In this project we'll try to parallelize Monte Carlo Tree Search algoritm. The basic data structure we use here is tree. The tree will grow from one single node, with the following 4 oeprations: Selection, Expansion, Simulation and Backpropagation.

Selection: If a node has been visited and searched before, we use some evaluation function to determine which child node we should use to walk down the tree. This is a multi-arm bandit problem and here we use Upper Confidence bound applied to Trees (UCT) as the evaluation function, to balance exploration and exploition.

Expansion: If a node has not been searched before, we will try to expand the node by finding all possible next moves, as the children of the node, which are also the leaf nodes of the tree.

Simulation: For the leaf nodes that are just expanded, we'll play lots of games on the node using random choices, and record the number of simulations and wins.
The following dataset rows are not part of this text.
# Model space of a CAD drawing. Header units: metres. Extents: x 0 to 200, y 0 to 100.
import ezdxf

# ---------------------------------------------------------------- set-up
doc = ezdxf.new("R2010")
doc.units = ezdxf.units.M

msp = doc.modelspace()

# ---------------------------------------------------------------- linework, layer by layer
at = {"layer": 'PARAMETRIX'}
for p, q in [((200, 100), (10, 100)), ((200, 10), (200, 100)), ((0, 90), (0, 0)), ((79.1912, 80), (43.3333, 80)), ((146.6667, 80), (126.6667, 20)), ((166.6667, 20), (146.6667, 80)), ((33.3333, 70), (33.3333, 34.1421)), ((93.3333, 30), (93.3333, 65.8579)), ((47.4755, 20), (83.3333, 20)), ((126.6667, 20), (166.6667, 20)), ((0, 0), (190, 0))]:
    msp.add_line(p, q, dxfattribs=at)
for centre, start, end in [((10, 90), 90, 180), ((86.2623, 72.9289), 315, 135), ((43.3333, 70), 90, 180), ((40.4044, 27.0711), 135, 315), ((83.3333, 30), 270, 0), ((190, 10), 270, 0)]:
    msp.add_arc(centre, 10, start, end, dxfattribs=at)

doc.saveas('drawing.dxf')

The more simulations we do on a single node, the better performance we'll get. Because all simulations are played independently, this is the main part we're going to parallelize.

Backpropagation: For all the simulations we run on the leaf nodes, the number of wins and simulations will be propagated back to its ancestors to update their records. Then we can find the best next move from the root node through its children's win/loss ratio. The picture folloing may help explain the 4 phases:

MCTS

Each node represents a state of the board. To generate a next move, we take the current board state as the root node. With the 4 operations described above, we grow the tree and selects the most promising children of root as next move.

As we know, tree traversal is very hard to parallelize, as there are many dependencies when you go down the tree. However, for Monte Carlo Search Tree, most of the time is spent on Simulation phase on leaf nodes, and these simulation are totally independent from each other. Therefore, there's a potential that we can make simulation phase parallel, so that in a fixed time we can do more simulations for each state of board. Each thread can have a local copy of a board, and they can play randomly on their own board, and then report the result.

However, even though this is naturally parallizable, it's not good for SIMD. Because different threads play the game totally randomly, they will have very different state of board, leading to lots of divergence. We found this problem when we try to run our program on a warp of threads on GPU.

Approach

To implement, for CPU parallel version we use OpenMP, and for GPU parallel we use Cuda. Target machine is Latedays.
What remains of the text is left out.